PROBLEM REQUIREMENTS: In the entries below, find the line containing "world_world.color = (0.05088, 0.05088, 0.05088)" and the line containing "me_sphere = bpy.data.meshes.new('Sphere')". Copy those two lines and everything between them exactly, and only that.
○ ○ ○ ○ ○
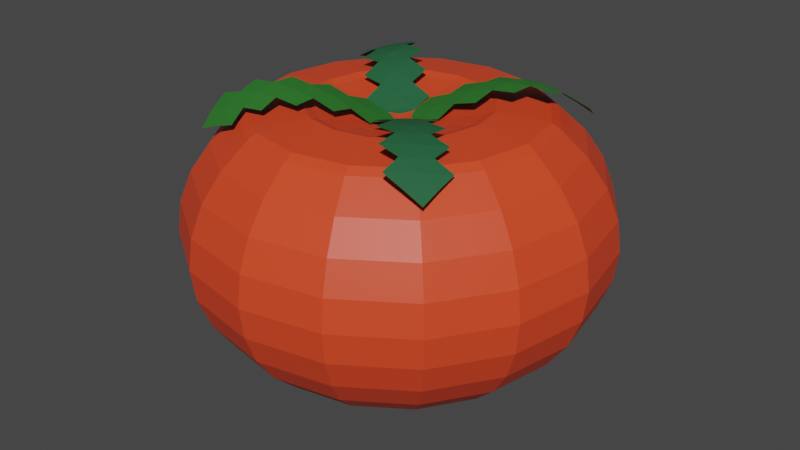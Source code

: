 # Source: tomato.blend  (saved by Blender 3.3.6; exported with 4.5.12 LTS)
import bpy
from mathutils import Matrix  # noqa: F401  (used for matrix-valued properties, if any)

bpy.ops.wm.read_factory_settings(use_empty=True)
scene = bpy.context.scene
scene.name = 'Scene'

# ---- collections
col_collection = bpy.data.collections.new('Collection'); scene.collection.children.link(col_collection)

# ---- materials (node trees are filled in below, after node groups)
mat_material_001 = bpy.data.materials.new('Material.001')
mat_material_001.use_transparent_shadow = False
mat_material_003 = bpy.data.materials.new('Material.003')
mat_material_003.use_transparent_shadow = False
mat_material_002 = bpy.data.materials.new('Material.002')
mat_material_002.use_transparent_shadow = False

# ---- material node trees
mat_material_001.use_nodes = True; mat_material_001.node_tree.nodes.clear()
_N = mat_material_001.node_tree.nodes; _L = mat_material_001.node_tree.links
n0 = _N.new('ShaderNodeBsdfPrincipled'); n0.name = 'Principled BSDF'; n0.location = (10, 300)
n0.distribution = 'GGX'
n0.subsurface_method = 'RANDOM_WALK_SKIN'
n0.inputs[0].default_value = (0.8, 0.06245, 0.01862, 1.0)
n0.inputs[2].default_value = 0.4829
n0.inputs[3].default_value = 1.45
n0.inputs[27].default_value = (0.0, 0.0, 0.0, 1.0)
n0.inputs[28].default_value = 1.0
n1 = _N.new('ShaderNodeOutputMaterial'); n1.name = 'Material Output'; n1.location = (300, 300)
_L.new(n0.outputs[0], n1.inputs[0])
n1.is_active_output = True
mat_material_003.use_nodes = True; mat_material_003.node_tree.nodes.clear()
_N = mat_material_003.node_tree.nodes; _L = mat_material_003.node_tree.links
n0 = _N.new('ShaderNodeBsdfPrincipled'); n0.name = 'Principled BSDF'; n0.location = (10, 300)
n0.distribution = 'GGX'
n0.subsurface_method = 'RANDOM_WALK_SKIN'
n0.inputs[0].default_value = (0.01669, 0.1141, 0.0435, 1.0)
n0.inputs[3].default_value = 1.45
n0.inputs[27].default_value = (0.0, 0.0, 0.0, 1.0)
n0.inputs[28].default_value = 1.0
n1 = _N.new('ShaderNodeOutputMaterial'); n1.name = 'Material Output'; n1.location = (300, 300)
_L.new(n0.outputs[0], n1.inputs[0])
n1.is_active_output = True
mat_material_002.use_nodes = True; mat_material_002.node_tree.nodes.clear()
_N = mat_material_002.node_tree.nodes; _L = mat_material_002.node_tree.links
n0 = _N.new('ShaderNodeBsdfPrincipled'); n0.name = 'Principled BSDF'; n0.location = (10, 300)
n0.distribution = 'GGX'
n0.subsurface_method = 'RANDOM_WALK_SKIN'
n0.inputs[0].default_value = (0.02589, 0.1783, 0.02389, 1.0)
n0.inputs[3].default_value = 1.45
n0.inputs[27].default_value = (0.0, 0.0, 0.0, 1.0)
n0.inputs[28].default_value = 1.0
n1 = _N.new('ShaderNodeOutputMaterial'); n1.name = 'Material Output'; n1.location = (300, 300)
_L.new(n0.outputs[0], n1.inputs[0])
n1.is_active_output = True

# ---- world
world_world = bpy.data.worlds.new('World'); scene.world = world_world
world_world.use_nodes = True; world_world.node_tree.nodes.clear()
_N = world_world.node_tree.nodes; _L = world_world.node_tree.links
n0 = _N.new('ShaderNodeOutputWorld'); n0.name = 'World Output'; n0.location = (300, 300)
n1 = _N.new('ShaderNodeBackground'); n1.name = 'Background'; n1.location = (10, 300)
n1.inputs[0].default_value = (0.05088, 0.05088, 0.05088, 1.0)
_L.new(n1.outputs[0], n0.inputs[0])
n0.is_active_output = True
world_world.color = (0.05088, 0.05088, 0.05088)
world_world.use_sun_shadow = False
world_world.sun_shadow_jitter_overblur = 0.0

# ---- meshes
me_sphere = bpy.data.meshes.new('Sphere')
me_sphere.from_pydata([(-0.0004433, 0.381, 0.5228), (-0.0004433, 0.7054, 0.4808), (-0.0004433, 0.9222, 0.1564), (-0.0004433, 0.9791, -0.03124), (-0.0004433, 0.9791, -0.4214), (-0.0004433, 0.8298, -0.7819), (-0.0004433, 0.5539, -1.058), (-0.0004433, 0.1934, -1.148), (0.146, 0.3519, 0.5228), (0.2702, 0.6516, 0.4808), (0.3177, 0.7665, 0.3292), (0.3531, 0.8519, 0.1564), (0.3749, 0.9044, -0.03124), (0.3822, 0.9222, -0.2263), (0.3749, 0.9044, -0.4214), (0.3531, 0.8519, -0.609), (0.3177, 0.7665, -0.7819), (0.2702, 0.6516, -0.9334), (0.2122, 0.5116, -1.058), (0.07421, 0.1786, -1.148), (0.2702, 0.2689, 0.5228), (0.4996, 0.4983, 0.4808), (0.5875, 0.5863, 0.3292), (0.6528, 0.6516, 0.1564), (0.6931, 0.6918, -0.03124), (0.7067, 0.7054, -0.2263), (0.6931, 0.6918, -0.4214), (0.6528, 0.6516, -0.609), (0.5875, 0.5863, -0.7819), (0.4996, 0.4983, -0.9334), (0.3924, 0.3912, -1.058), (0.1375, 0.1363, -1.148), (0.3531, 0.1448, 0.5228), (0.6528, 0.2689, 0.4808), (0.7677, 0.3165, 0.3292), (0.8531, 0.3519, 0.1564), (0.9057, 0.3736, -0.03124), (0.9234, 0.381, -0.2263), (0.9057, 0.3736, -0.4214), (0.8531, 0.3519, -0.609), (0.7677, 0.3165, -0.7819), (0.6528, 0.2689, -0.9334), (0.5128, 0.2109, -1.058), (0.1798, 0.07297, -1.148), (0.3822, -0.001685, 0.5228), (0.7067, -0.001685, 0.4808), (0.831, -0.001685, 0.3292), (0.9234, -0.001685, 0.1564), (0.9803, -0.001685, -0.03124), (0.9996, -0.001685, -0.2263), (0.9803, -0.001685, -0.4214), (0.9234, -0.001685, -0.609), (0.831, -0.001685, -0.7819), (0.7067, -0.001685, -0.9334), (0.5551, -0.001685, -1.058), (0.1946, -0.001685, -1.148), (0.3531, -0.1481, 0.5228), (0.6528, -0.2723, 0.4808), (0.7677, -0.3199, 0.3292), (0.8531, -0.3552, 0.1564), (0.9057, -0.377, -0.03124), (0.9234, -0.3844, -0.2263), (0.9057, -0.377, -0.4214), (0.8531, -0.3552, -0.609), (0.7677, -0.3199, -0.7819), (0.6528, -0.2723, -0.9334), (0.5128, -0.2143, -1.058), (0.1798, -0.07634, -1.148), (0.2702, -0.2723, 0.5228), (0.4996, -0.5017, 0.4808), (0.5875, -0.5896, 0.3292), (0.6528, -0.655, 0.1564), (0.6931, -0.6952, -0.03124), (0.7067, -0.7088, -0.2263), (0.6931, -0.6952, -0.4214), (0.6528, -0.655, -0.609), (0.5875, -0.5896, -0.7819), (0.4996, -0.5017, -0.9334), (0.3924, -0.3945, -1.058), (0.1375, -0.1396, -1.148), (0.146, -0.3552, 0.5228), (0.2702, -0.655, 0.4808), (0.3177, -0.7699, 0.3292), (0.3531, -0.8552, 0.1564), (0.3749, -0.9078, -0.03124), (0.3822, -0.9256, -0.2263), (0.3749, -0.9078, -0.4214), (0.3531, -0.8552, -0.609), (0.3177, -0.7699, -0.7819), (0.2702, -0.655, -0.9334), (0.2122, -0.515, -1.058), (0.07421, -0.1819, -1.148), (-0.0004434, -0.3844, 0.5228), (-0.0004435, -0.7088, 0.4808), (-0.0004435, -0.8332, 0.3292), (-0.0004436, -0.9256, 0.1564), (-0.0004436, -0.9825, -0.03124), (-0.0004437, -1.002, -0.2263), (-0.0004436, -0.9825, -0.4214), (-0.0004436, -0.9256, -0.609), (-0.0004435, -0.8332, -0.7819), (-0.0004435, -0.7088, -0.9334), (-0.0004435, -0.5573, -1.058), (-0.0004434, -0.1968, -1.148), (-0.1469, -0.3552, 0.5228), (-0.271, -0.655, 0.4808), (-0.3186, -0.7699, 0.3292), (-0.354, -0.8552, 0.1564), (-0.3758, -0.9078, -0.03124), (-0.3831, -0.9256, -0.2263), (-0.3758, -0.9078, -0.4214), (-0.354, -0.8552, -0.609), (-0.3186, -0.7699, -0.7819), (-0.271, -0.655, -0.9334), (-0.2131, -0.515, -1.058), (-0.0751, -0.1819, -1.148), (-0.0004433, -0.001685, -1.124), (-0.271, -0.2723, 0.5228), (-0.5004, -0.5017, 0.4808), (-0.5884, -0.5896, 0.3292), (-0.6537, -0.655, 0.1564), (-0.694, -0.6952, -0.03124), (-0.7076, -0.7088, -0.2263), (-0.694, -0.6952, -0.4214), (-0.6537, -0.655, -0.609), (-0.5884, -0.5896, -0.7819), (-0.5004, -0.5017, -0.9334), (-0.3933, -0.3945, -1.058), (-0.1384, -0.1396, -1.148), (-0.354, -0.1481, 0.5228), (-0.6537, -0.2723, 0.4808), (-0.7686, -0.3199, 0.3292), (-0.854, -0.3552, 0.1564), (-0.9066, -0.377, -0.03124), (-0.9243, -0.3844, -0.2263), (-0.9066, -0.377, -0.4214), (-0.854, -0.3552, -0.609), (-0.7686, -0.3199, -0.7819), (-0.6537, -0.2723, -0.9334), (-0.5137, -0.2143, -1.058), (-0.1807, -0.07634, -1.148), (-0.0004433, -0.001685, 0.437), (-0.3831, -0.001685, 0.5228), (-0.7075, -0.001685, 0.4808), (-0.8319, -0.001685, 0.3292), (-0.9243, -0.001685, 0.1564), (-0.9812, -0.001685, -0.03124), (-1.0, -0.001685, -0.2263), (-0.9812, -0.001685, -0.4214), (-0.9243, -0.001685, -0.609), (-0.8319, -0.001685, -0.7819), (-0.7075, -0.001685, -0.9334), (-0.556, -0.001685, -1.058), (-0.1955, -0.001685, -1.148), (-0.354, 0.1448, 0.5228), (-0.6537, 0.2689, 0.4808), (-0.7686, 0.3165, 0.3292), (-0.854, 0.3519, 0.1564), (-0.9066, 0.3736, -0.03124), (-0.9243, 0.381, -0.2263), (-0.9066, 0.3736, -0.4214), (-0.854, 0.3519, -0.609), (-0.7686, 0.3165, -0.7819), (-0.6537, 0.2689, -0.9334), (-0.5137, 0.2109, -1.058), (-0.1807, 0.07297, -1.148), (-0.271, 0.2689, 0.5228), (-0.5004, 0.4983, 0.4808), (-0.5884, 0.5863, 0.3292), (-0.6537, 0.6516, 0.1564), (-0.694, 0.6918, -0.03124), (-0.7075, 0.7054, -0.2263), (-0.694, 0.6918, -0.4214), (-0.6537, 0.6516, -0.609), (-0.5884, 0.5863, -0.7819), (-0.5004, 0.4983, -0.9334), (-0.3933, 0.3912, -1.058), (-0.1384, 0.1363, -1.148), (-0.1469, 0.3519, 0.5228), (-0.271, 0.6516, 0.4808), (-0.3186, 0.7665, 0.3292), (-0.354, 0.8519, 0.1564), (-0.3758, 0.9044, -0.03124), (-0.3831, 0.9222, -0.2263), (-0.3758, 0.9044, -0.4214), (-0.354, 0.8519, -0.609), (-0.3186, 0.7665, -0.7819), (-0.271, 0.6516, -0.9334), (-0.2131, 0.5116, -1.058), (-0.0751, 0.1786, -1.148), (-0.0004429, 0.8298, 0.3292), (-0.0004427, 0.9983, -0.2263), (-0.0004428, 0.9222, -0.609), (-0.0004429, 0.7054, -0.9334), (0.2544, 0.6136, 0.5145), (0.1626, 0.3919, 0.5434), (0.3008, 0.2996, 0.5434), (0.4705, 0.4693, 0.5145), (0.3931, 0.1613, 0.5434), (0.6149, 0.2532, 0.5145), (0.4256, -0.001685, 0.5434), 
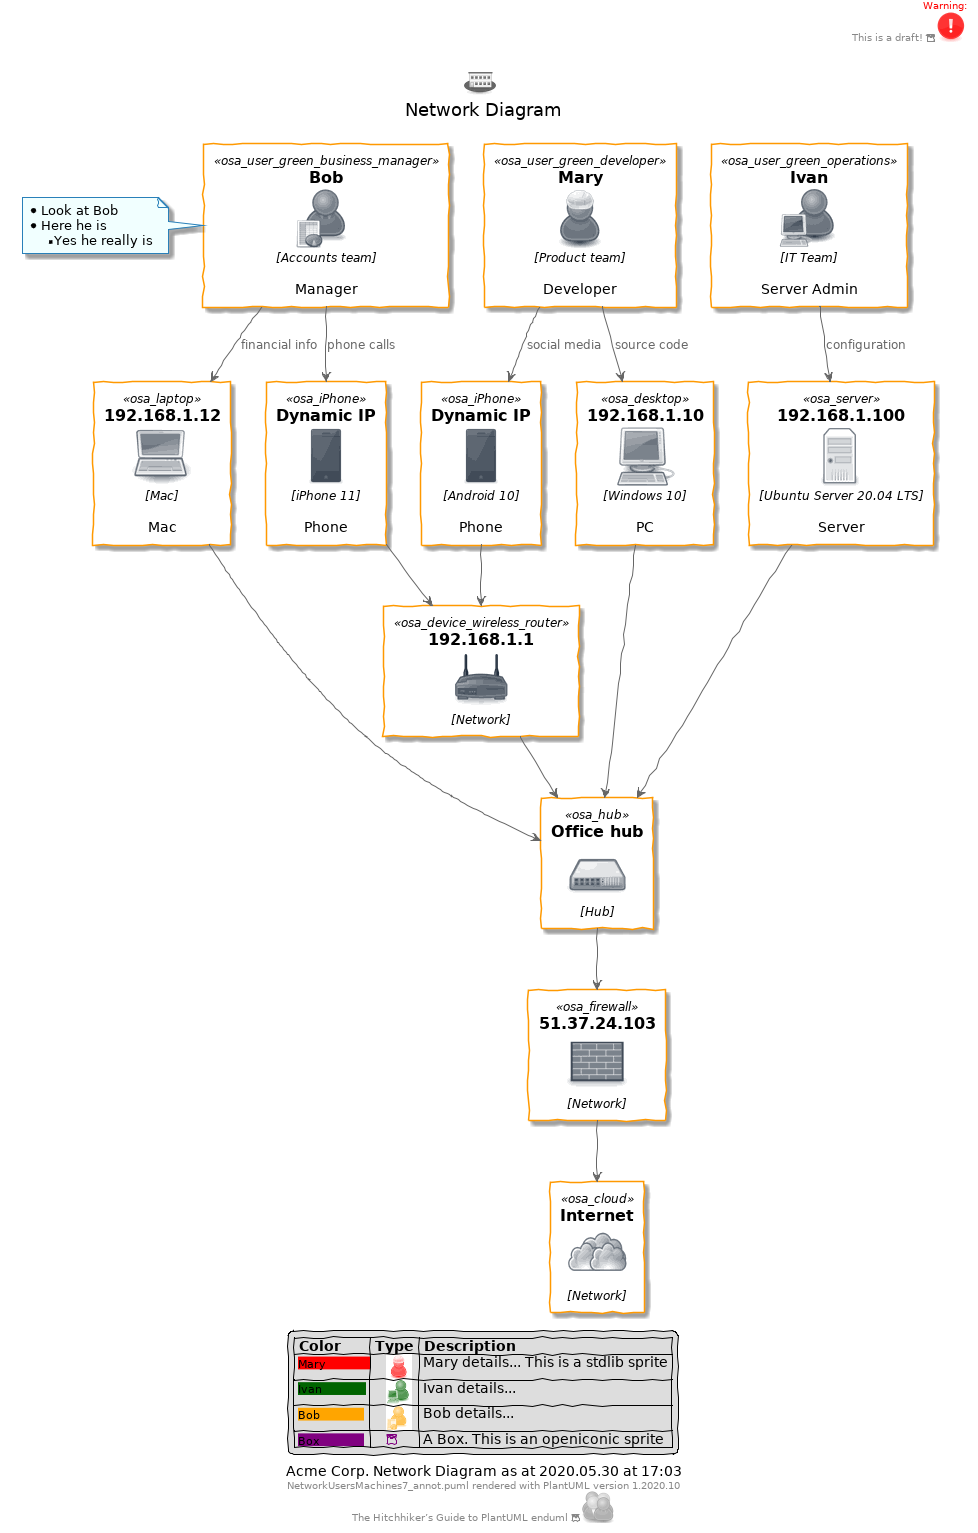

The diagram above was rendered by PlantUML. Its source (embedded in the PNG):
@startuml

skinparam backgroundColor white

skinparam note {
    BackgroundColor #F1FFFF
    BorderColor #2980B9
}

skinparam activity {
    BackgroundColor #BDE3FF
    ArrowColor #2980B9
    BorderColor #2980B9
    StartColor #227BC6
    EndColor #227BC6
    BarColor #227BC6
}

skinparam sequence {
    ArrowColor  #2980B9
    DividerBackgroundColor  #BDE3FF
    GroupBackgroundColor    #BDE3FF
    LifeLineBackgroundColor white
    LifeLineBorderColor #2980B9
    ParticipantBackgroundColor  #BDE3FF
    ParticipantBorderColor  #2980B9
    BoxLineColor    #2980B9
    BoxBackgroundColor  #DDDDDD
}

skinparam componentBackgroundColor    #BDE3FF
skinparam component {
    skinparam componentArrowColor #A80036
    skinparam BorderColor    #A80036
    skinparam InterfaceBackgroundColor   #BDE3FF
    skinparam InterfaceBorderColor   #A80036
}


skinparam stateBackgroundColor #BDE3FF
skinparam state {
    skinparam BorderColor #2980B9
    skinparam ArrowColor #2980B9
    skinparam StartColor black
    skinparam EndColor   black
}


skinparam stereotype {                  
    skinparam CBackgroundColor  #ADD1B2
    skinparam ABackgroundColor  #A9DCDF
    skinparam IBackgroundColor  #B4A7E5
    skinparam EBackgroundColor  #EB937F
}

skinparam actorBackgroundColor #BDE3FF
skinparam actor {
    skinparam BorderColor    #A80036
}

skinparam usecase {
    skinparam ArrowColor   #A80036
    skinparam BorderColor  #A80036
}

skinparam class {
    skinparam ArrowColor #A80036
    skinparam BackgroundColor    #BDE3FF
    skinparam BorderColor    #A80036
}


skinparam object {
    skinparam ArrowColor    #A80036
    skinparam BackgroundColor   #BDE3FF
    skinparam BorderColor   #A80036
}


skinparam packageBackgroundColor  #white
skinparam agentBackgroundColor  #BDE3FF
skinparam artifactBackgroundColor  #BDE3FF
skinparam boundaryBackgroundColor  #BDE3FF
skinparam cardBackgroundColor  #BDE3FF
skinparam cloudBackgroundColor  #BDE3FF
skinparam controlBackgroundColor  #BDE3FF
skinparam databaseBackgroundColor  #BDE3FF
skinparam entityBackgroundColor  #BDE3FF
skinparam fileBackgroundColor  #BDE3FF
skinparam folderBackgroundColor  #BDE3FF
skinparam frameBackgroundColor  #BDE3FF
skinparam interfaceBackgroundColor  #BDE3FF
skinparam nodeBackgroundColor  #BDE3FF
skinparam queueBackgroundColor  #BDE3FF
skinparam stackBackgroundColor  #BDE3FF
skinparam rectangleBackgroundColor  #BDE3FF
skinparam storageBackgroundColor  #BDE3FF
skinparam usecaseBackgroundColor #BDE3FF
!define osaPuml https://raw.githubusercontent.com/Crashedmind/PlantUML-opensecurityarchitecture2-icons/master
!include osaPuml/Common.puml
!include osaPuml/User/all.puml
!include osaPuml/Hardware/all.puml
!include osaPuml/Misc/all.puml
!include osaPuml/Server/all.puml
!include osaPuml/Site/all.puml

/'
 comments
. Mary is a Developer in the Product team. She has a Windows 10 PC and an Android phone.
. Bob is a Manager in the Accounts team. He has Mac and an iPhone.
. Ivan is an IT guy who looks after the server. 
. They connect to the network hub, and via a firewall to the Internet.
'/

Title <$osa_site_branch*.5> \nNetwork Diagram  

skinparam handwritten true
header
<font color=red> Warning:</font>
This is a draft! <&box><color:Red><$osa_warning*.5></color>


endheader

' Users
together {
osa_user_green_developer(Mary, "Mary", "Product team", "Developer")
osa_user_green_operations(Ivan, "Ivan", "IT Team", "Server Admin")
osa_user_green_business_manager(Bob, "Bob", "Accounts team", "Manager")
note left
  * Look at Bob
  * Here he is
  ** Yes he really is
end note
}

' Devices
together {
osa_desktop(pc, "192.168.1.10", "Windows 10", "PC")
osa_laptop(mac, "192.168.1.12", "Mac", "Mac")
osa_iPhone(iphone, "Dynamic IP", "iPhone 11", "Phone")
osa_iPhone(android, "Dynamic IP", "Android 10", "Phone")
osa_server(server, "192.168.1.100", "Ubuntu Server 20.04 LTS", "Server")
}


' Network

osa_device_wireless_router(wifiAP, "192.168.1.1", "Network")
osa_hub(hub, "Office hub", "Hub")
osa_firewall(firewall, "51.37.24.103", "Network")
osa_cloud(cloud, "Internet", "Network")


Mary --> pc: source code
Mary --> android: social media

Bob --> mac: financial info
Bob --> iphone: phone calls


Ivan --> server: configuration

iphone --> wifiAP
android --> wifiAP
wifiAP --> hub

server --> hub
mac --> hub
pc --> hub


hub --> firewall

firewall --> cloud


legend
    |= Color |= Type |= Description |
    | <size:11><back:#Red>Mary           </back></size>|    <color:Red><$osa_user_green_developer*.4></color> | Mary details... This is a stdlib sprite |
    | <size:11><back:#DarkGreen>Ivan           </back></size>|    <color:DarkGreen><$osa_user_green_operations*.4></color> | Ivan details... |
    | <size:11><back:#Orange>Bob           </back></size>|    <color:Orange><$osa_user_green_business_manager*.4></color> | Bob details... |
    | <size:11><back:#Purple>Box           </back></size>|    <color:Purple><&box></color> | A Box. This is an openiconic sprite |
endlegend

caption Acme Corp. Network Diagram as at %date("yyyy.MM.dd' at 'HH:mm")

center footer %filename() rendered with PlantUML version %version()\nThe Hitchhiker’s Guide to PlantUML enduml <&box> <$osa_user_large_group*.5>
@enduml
○ ○ ○ ○ ○
TASK RESPONSE:
world_world.color = (0.05088, 0.05088, 0.05088)
world_world.use_sun_shadow = False
world_world.sun_shadow_jitter_overblur = 0.0

# ---- meshes
me_sphere = bpy.data.meshes.new('Sphere')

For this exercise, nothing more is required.